What the task asks »
Whenever the word "ezdxf" turns up in a line of the data below, copy that line.

Stored items:
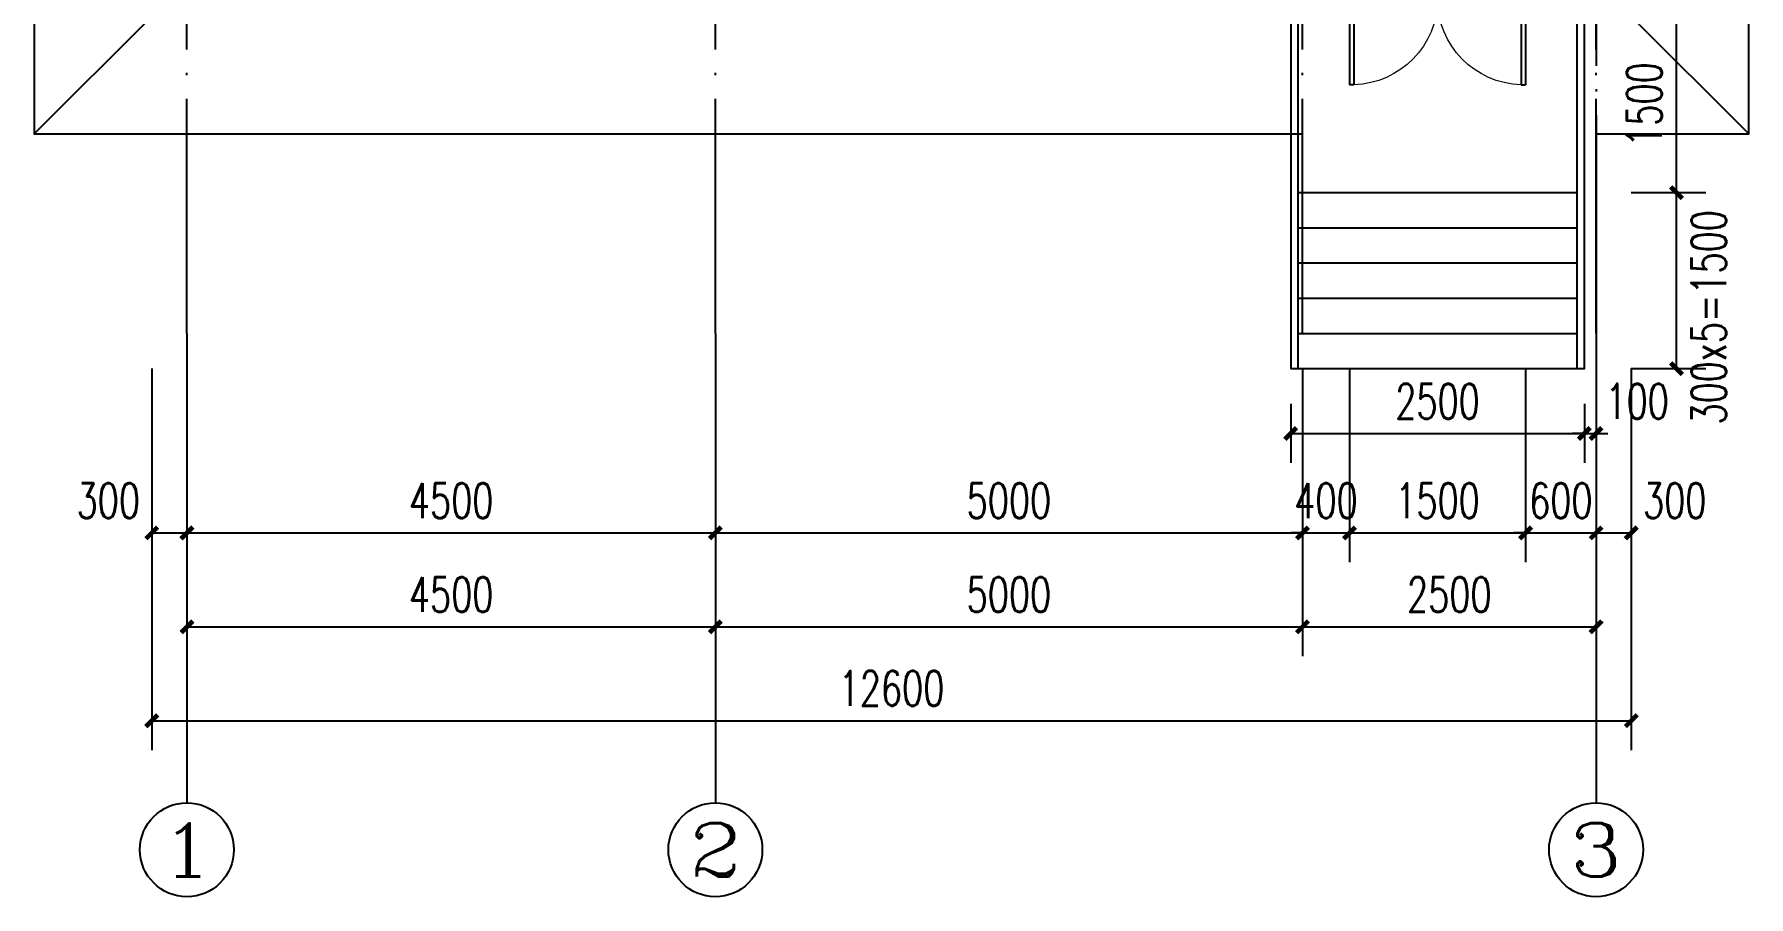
# Model space of a CAD drawing. Extents: x 5066963 to 5185393, y -485691 to -238129.
# Drawn here: x 5114047 to 5128647, y -398160 to -390811 of the extents above; entities that cross this region are included whole.
import ezdxf
from ezdxf.enums import TextEntityAlignment as Align

# ---------------------------------------------------------------- set-up
doc = ezdxf.new("R2010")
doc.units = 0
doc.header["$LTSCALE"] = 1000
doc.header["$MEASUREMENT"] = 0
doc.linetypes.add('DOTE', pattern=[2.42, 2, -0.2, 0.02, -0.2])
doc.layers.get('0').update_dxf_attribs({"linetype": 'CONTINUOUS'})
doc.layers.get('Defpoints').update_dxf_attribs({"linetype": 'CONTINUOUS'})
for name, color, linetype in [('AXIS', 3, 'CONTINUOUS'), ('AXIS_TEXT', 7, 'CONTINUOUS'), ('DOTE', 252, 'CONTINUOUS'), ('PUB_DIM', 3, 'CONTINUOUS'), ('STAIR', 5, 'CONTINUOUS'), ('WINDOW', 4, 'CONTINUOUS'), ('WINDOW_TEXT', 7, 'CONTINUOUS')]:
    doc.layers.add(name, color=color, linetype=linetype)
doc.styles.add('_TCH_AXIS', font='COMPLEX', dxfattribs={"bigfont": 'GBCBIG'})
doc.styles.add('_TCH_DIM_T3', font='SIMPLEX', dxfattribs={"width": 0.705882, "bigfont": 'GBCBIG'})
doc.styles.add('_TCH_WINDOW', font='SIMPLEX', dxfattribs={"height": 3.5, "bigfont": 'GBCBIG'})
doc.styles.add('COMPLEX', font='COMPLEX')
doc.dimstyles.new('_TCH_ARCH&&100', dxfattribs={"dimtxt": 297.5, "dimasz": 100, "dimexe": 250, "dimexo": 300, "dimgap": 126.25, "dimtad": 1, "dimdec": 0, "dimzin": 0, "dimdsep": 46, "dimtxsty": '_TCH_DIM_T3', "dimblk": 'ARCHTICK', "dimcen": 0.09, "dimclrt": 7, "dimazin": 2, "dimtfac": 1, "dimtdec": 0, "dimtix": 1, "dimtmove": 2, "dimatfit": 3, "dimfxl": 0, "dimtolj": 1, "dimtzin": 0, "dimarcsym": 0})

# ---------------------------------------------------------------- blocks, each defined once
blk = doc.blocks.new('_ArchTick')
at = {"color": 0, "linetype": 'ByBlock', "const_width": 0.4}
blk.add_lwpolyline([(-0.5, -0.5), (0.5, 0.5)], dxfattribs=at)
blk = doc.blocks.new('*D42')
at = {"layer": 'Defpoints', "color": 0}
for p in [(5124747, -393660), (5127247, -393660), (5127247, -394213)]:
    blk.add_point(p, dxfattribs=at)
at = {"layer": 'PUB_DIM', "color": 0, "lineweight": -2}
for p, q in [((5124747, -393960), (5124747, -394463)), ((5127247, -393960), (5127247, -394463)), ((5124747, -394213), (5127247, -394213))]:
    blk.add_line(p, q, dxfattribs=at)
at = {"layer": 'PUB_DIM', "color": 0, "lineweight": -2, "xscale": 100, "yscale": 100, "zscale": 100, "rotation": 180}
blk.add_blockref('_ArchTick', (5124747, -394213), dxfattribs=at)
at = {"layer": 'PUB_DIM', "color": 0, "lineweight": -2, "xscale": 100, "yscale": 100, "zscale": 100}
blk.add_blockref('_ArchTick', (5127247, -394213), dxfattribs=at)
at = {"layer": 'PUB_DIM', "color": 7, "insert": (5125997, -393938), "char_height": 297.5, "attachment_point": 5, "style": '_TCH_DIM_T3'}
blk.add_mtext('\\A1;2500', dxfattribs=at)
blk = doc.blocks.new('*D43')
at = {"layer": 'Defpoints', "color": 0}
for p in [(5127247, -393660), (5127347, -393660), (5127347, -394213)]:
    blk.add_point(p, dxfattribs=at)
at = {"layer": 'PUB_DIM', "color": 0, "lineweight": -2}
for p, q in [((5127247, -393960), (5127247, -394463)), ((5127347, -393960), (5127347, -394463)), ((5127247, -394213), (5127147, -394213)), ((5127247, -394213), (5127347, -394213)), ((5127347, -394213), (5127447, -394213))]:
    blk.add_line(p, q, dxfattribs=at)
at = {"layer": 'PUB_DIM', "color": 0, "lineweight": -2, "xscale": 100, "yscale": 100, "zscale": 100}
blk.add_blockref('_ArchTick', (5127247, -394213), dxfattribs=at)
at = {"layer": 'PUB_DIM', "color": 0, "lineweight": -2, "xscale": 100, "yscale": 100, "zscale": 100, "rotation": 180}
blk.add_blockref('_ArchTick', (5127347, -394213), dxfattribs=at)
at = {"layer": 'PUB_DIM', "color": 7, "insert": (5127697, -393938), "char_height": 297.5, "attachment_point": 5, "style": '_TCH_DIM_T3'}
blk.add_mtext('\\A1;100', dxfattribs=at)
blk = doc.blocks.new('*D49')
at = {"layer": 'AXIS', "color": 0, "lineweight": -2}
for p, q in [((5115047, -393660), (5115047, -395310)), ((5115347, -393660), (5115347, -395310)), ((5115047, -395060), (5115347, -395060))]:
    blk.add_line(p, q, dxfattribs=at)
at = {"layer": 'Defpoints', "color": 0}
for p in [(5115047, -393360), (5115347, -393360), (5115347, -395060)]:
    blk.add_point(p, dxfattribs=at)
at = {"layer": 'AXIS', "color": 0, "lineweight": -2, "xscale": 100, "yscale": 100, "zscale": 100, "rotation": 180}
blk.add_blockref('_ArchTick', (5115047, -395060), dxfattribs=at)
at = {"layer": 'AXIS', "color": 0, "lineweight": -2, "xscale": 100, "yscale": 100, "zscale": 100}
blk.add_blockref('_ArchTick', (5115347, -395060), dxfattribs=at)
at = {"layer": 'AXIS', "color": 7, "insert": (5114677, -394785), "char_height": 297.5, "attachment_point": 5, "style": '_TCH_DIM_T3'}
blk.add_mtext('\\A1;300', dxfattribs=at)
blk = doc.blocks.new('*D50')
at = {"layer": 'AXIS', "color": 0, "lineweight": -2}
for p, q in [((5115347, -393660), (5115347, -395310)), ((5119847, -393660), (5119847, -395310)), ((5115347, -395060), (5119847, -395060))]:
    blk.add_line(p, q, dxfattribs=at)
at = {"layer": 'Defpoints', "color": 0}
for p in [(5115347, -393360), (5119847, -393360), (5119847, -395060)]:
    blk.add_point(p, dxfattribs=at)
at = {"layer": 'AXIS', "color": 0, "lineweight": -2, "xscale": 100, "yscale": 100, "zscale": 100, "rotation": 180}
blk.add_blockref('_ArchTick', (5115347, -395060), dxfattribs=at)
at = {"layer": 'AXIS', "color": 0, "lineweight": -2, "xscale": 100, "yscale": 100, "zscale": 100}
blk.add_blockref('_ArchTick', (5119847, -395060), dxfattribs=at)
at = {"layer": 'AXIS', "color": 7, "insert": (5117597, -394785), "char_height": 297.5, "attachment_point": 5, "style": '_TCH_DIM_T3'}
blk.add_mtext('\\A1;4500', dxfattribs=at)
blk = doc.blocks.new('*D51')
at = {"layer": 'AXIS', "color": 0, "lineweight": -2}
for p, q in [((5119847, -393660), (5119847, -395310)), ((5124847, -393660), (5124847, -395310)), ((5119847, -395060), (5124847, -395060))]:
    blk.add_line(p, q, dxfattribs=at)
at = {"layer": 'Defpoints', "color": 0}
for p in [(5119847, -393360), (5124847, -393360), (5124847, -395060)]:
    blk.add_point(p, dxfattribs=at)
at = {"layer": 'AXIS', "color": 0, "lineweight": -2, "xscale": 100, "yscale": 100, "zscale": 100, "rotation": 180}
blk.add_blockref('_ArchTick', (5119847, -395060), dxfattribs=at)
at = {"layer": 'AXIS', "color": 0, "lineweight": -2, "xscale": 100, "yscale": 100, "zscale": 100}
blk.add_blockref('_ArchTick', (5124847, -395060), dxfattribs=at)
at = {"layer": 'AXIS', "color": 7, "insert": (5122347, -394785), "char_height": 297.5, "attachment_point": 5, "style": '_TCH_DIM_T3'}
blk.add_mtext('\\A1;5000', dxfattribs=at)
blk = doc.blocks.new('*D52')
at = {"layer": 'AXIS', "color": 0, "lineweight": -2}
for p, q in [((5124847, -393660), (5124847, -395310)), ((5125247, -393660), (5125247, -395310)), ((5124847, -395060), (5124747, -395060)), ((5124847, -395060), (5125247, -395060)), ((5125247, -395060), (5125347, -395060))]:
    blk.add_line(p, q, dxfattribs=at)
at = {"layer": 'Defpoints', "color": 0}
for p in [(5124847, -393360), (5125247, -393360), (5125247, -395060)]:
    blk.add_point(p, dxfattribs=at)
at = {"layer": 'AXIS', "color": 0, "lineweight": -2, "xscale": 100, "yscale": 100, "zscale": 100}
blk.add_blockref('_ArchTick', (5124847, -395060), dxfattribs=at)
at = {"layer": 'AXIS', "color": 0, "lineweight": -2, "xscale": 100, "yscale": 100, "zscale": 100, "rotation": 180}
blk.add_blockref('_ArchTick', (5125247, -395060), dxfattribs=at)
at = {"layer": 'AXIS', "color": 7, "insert": (5125047, -394785), "char_height": 297.5, "attachment_point": 5, "style": '_TCH_DIM_T3'}
blk.add_mtext('\\A1;400', dxfattribs=at)
blk = doc.blocks.new('*D53')
at = {"layer": 'AXIS', "color": 0, "lineweight": -2}
for p, q in [((5125247, -393660), (5125247, -395310)), ((5126747, -393660), (5126747, -395310)), ((5125247, -395060), (5126747, -395060))]:
    blk.add_line(p, q, dxfattribs=at)
at = {"layer": 'Defpoints', "color": 0}
for p in [(5125247, -393360), (5126747, -393360), (5126747, -395060)]:
    blk.add_point(p, dxfattribs=at)
at = {"layer": 'AXIS', "color": 0, "lineweight": -2, "xscale": 100, "yscale": 100, "zscale": 100, "rotation": 180}
blk.add_blockref('_ArchTick', (5125247, -395060), dxfattribs=at)
at = {"layer": 'AXIS', "color": 0, "lineweight": -2, "xscale": 100, "yscale": 100, "zscale": 100}
blk.add_blockref('_ArchTick', (5126747, -395060), dxfattribs=at)
at = {"layer": 'AXIS', "color": 7, "insert": (5125997, -394785), "char_height": 297.5, "attachment_point": 5, "style": '_TCH_DIM_T3'}
blk.add_mtext('\\A1;1500', dxfattribs=at)
blk = doc.blocks.new('*D54')
at = {"layer": 'AXIS', "color": 0, "lineweight": -2}
for p, q in [((5126747, -393660), (5126747, -395310)), ((5127347, -393660), (5127347, -395310)), ((5126747, -395060), (5126647, -395060)), ((5126747, -395060), (5127347, -395060)), ((5127347, -395060), (5127447, -395060))]:
    blk.add_line(p, q, dxfattribs=at)
at = {"layer": 'Defpoints', "color": 0}
for p in [(5126747, -393360), (5127347, -393360), (5127347, -395060)]:
    blk.add_point(p, dxfattribs=at)
at = {"layer": 'AXIS', "color": 0, "lineweight": -2, "xscale": 100, "yscale": 100, "zscale": 100}
blk.add_blockref('_ArchTick', (5126747, -395060), dxfattribs=at)
at = {"layer": 'AXIS', "color": 0, "lineweight": -2, "xscale": 100, "yscale": 100, "zscale": 100, "rotation": 180}
blk.add_blockref('_ArchTick', (5127347, -395060), dxfattribs=at)
at = {"layer": 'AXIS', "color": 7, "insert": (5127047, -394785), "char_height": 297.5, "attachment_point": 5, "style": '_TCH_DIM_T3'}
blk.add_mtext('\\A1;600', dxfattribs=at)
blk = doc.blocks.new('*D55')
at = {"layer": 'AXIS', "color": 0, "lineweight": -2}
for p, q in [((5127347, -393660), (5127347, -395310)), ((5127647, -393660), (5127647, -395310)), ((5127347, -395060), (5127647, -395060))]:
    blk.add_line(p, q, dxfattribs=at)
at = {"layer": 'Defpoints', "color": 0}
for p in [(5127347, -393360), (5127647, -393360), (5127647, -395060)]:
    blk.add_point(p, dxfattribs=at)
at = {"layer": 'AXIS', "color": 0, "lineweight": -2, "xscale": 100, "yscale": 100, "zscale": 100, "rotation": 180}
blk.add_blockref('_ArchTick', (5127347, -395060), dxfattribs=at)
at = {"layer": 'AXIS', "color": 0, "lineweight": -2, "xscale": 100, "yscale": 100, "zscale": 100}
blk.add_blockref('_ArchTick', (5127647, -395060), dxfattribs=at)
at = {"layer": 'AXIS', "color": 7, "insert": (5128017, -394785), "char_height": 297.5, "attachment_point": 5, "style": '_TCH_DIM_T3'}
blk.add_mtext('\\A1;300', dxfattribs=at)
blk = doc.blocks.new('*D57')
at = {"layer": 'Defpoints', "color": 0}
for p in [(5127347, -390660), (5128032, -390660), (5127347, -392160)]:
    blk.add_point(p, dxfattribs=at)
at = {"layer": 'PUB_DIM', "color": 0, "lineweight": -2}
for p, q in [((5127647, -390660), (5128282, -390660)), ((5128032, -392160), (5128032, -390660)), ((5127647, -392160), (5128282, -392160))]:
    blk.add_line(p, q, dxfattribs=at)
at = {"layer": 'PUB_DIM', "color": 0, "lineweight": -2, "xscale": 100, "yscale": 100, "zscale": 100}
for p, rotation in [((5128032, -390660), 90), ((5128032, -392160), 270)]:
    blk.add_blockref('_ArchTick', p, dxfattribs=dict(at, rotation=rotation))
at = {"layer": 'PUB_DIM', "color": 7, "insert": (5127757, -391410), "char_height": 297.5, "attachment_point": 5, "rotation": 90, "style": '_TCH_DIM_T3'}
blk.add_mtext('\\A1;1500', dxfattribs=at)
blk = doc.blocks.new('*D58')
at = {"layer": 'Defpoints', "color": 0}
for p in [(5127347, -392160), (5128032, -392160), (5127347, -393660)]:
    blk.add_point(p, dxfattribs=at)
at = {"layer": 'PUB_DIM', "color": 0, "lineweight": -2}
for p, q in [((5127647, -392160), (5128282, -392160)), ((5128032, -393660), (5128032, -392160)), ((5127647, -393660), (5128282, -393660))]:
    blk.add_line(p, q, dxfattribs=at)
at = {"layer": 'PUB_DIM', "color": 0, "lineweight": -2, "xscale": 100, "yscale": 100, "zscale": 100}
for p, rotation in [((5128032, -392160), 90), ((5128032, -393660), 270)]:
    blk.add_blockref('_ArchTick', p, dxfattribs=dict(at, rotation=rotation))
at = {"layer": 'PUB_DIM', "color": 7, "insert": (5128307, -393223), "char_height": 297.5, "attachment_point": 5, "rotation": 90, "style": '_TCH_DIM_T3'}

Solution for this problem »
import ezdxf
from ezdxf.enums import TextEntityAlignment as Align
doc = ezdxf.new("R2010")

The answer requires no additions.